SOURCE MATERIAL section start
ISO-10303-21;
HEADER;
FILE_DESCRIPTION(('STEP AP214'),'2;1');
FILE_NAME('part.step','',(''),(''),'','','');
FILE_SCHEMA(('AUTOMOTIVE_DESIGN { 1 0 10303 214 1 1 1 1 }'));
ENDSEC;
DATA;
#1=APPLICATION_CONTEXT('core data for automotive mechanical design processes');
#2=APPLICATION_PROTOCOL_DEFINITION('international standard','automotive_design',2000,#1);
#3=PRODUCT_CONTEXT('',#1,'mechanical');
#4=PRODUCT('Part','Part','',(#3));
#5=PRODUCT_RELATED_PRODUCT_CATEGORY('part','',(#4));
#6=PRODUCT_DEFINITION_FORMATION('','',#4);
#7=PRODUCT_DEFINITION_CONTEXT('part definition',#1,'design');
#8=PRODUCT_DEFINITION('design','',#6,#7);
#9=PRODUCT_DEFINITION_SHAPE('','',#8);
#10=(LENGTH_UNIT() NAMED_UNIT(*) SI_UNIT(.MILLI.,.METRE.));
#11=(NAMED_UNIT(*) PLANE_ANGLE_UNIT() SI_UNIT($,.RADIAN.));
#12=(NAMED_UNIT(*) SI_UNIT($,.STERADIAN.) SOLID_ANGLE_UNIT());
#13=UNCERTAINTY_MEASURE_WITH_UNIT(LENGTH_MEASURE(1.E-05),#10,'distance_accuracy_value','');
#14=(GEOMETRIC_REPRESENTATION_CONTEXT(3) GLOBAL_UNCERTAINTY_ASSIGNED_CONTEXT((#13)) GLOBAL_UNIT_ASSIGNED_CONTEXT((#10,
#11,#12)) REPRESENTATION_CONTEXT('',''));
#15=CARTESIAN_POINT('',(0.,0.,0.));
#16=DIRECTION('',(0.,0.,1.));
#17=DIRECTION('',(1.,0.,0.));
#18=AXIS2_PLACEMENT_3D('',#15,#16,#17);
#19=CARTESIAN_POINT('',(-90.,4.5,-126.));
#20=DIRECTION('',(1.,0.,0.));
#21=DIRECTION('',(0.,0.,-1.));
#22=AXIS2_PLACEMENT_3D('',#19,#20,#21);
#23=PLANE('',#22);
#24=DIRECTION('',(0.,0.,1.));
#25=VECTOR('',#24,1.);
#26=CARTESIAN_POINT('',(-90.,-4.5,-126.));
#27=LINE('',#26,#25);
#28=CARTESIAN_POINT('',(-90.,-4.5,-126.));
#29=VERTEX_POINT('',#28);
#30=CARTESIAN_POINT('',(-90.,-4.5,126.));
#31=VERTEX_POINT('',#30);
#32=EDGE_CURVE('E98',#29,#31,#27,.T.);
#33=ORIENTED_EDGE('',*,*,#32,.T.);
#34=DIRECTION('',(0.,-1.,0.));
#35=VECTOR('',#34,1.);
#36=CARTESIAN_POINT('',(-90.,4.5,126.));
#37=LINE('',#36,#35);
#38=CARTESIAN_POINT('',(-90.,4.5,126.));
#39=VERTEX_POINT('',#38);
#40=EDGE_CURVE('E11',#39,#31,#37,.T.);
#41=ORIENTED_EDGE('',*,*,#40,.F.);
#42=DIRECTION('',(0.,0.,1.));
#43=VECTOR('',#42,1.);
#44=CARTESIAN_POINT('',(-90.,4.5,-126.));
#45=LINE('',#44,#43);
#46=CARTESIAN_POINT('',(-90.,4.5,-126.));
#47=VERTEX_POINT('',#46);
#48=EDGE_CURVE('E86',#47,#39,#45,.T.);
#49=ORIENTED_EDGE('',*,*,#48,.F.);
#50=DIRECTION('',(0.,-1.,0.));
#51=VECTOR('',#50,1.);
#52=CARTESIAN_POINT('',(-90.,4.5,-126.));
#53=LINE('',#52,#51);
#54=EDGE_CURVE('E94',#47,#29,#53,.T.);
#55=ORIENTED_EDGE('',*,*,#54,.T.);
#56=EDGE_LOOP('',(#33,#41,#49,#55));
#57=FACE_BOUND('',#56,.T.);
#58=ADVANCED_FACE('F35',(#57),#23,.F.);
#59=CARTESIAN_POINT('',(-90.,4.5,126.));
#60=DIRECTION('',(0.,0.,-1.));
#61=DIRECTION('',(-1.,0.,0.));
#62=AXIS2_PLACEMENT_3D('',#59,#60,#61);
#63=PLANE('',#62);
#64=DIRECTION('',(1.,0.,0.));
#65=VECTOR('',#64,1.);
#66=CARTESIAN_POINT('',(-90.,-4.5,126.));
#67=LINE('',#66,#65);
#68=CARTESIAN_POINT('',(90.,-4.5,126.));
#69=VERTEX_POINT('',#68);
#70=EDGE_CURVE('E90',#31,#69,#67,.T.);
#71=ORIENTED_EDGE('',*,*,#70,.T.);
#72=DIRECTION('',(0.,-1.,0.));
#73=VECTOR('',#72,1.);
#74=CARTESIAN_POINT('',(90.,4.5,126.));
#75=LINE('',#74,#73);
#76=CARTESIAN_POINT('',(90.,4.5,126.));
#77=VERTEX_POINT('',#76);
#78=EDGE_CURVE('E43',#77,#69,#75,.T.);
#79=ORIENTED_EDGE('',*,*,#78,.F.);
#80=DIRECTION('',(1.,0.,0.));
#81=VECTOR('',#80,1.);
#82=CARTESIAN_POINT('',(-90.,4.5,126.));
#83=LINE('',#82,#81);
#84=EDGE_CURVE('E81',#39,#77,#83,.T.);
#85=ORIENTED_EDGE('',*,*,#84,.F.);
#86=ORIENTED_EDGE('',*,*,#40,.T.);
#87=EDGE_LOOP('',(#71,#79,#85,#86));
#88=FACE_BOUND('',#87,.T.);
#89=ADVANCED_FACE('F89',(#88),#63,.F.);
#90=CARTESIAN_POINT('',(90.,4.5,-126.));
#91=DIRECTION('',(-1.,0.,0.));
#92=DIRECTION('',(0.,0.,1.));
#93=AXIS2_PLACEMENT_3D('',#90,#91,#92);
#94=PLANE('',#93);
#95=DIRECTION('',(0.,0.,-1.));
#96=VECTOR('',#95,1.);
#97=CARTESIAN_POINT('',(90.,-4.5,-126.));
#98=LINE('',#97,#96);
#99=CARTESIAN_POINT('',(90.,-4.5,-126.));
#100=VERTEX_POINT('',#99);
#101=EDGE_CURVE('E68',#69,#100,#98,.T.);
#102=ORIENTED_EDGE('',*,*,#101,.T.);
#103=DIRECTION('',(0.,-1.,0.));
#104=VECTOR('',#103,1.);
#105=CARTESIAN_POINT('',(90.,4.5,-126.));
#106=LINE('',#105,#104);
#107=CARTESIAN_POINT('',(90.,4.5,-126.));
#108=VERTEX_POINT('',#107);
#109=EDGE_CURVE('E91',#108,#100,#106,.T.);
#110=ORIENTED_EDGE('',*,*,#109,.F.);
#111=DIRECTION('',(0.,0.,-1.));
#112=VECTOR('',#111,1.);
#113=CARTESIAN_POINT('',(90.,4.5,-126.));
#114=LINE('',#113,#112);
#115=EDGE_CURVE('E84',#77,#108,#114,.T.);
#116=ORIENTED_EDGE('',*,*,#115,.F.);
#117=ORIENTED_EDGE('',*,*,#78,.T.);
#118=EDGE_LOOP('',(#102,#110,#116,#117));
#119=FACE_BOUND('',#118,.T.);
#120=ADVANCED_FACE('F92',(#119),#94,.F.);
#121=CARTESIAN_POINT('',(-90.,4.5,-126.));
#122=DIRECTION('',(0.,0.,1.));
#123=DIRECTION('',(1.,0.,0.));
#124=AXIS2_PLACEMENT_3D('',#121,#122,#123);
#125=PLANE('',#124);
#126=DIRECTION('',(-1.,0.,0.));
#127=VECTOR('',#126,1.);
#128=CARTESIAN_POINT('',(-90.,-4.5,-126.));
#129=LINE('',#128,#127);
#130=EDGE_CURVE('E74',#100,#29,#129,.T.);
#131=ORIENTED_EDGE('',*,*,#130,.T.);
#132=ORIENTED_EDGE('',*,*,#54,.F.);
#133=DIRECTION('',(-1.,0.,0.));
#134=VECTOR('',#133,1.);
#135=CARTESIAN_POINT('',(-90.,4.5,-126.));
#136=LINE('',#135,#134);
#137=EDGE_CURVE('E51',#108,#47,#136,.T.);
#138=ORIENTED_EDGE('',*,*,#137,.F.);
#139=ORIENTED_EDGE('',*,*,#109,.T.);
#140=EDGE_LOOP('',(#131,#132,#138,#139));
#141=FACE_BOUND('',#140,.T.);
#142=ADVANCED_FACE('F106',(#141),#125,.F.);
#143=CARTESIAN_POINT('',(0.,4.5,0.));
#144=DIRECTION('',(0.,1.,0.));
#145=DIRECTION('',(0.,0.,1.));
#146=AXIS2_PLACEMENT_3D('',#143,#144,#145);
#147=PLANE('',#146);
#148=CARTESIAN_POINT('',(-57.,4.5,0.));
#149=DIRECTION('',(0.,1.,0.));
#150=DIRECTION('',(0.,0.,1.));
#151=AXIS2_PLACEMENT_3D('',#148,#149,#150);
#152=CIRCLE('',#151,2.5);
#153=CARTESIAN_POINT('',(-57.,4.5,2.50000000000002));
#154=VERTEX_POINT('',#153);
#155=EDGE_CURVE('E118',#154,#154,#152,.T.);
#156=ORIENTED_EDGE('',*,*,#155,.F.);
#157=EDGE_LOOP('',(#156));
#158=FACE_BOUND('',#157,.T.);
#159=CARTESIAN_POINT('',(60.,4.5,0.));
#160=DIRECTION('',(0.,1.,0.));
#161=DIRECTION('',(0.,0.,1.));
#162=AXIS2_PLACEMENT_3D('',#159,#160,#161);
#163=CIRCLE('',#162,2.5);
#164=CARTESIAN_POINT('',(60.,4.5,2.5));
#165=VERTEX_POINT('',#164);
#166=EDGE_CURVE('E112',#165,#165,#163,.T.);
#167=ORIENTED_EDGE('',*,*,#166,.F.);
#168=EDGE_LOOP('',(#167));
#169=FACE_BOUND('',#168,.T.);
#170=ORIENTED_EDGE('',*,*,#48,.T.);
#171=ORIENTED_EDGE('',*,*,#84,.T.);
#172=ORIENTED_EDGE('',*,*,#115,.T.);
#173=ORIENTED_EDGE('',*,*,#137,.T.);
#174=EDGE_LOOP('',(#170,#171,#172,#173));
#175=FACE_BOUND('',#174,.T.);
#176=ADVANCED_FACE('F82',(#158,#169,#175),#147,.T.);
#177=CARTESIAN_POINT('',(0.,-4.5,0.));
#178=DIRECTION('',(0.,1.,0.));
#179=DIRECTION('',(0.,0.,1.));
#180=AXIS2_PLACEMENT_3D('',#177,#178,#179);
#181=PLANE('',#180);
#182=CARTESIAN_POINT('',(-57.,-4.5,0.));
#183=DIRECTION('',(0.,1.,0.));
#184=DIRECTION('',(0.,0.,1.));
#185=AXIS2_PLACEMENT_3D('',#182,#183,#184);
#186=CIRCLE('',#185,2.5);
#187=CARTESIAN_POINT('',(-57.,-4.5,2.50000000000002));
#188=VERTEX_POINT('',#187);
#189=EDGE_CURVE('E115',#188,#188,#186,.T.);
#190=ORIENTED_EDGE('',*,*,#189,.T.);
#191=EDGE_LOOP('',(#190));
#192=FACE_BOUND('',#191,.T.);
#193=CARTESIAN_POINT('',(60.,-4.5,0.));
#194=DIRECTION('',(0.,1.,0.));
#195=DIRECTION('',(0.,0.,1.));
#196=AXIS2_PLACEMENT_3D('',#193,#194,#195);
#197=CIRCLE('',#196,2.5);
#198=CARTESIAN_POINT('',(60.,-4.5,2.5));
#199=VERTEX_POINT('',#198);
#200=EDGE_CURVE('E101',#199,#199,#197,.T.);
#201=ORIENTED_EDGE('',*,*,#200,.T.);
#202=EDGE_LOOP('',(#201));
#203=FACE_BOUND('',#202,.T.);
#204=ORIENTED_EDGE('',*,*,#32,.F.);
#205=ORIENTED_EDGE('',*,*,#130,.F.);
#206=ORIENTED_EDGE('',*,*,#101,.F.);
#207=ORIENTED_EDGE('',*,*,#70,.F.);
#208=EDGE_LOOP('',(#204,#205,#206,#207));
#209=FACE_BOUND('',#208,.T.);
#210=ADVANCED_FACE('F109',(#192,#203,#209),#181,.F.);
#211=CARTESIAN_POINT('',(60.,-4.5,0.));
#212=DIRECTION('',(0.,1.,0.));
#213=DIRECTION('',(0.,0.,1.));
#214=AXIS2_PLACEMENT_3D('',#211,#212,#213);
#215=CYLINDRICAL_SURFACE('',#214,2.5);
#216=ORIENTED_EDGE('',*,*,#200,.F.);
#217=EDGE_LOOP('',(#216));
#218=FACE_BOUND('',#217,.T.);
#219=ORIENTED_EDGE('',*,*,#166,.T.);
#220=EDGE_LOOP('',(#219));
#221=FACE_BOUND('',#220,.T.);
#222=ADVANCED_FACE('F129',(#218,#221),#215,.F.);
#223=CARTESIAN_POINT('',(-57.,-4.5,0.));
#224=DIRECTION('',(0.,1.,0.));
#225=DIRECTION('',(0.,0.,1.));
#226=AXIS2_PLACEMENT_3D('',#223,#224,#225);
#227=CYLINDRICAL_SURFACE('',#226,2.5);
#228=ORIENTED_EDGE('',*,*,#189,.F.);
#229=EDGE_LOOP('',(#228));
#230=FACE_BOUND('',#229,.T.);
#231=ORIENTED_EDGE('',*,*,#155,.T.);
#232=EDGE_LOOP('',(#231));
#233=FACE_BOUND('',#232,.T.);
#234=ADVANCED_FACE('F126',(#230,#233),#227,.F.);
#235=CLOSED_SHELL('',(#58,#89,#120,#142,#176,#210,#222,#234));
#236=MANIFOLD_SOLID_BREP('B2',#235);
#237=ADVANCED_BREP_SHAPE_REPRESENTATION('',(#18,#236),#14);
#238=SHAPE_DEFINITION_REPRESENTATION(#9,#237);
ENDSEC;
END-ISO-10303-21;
SOURCE MATERIAL section end
TASK STATEMENT: Give back, word for word, only the lines above from the line holding "#197=CIRCLE('',#196,2.5);" to the line holding "#203=FACE_BOUND('',#202,.T.);", both included.

SOLUTION FOR THIS TASK:
#197=CIRCLE('',#196,2.5);
#198=CARTESIAN_POINT('',(60.,-4.5,2.5));
#199=VERTEX_POINT('',#198);
#200=EDGE_CURVE('E101',#199,#199,#197,.T.);
#201=ORIENTED_EDGE('',*,*,#200,.T.);
#202=EDGE_LOOP('',(#201));
#203=FACE_BOUND('',#202,.T.);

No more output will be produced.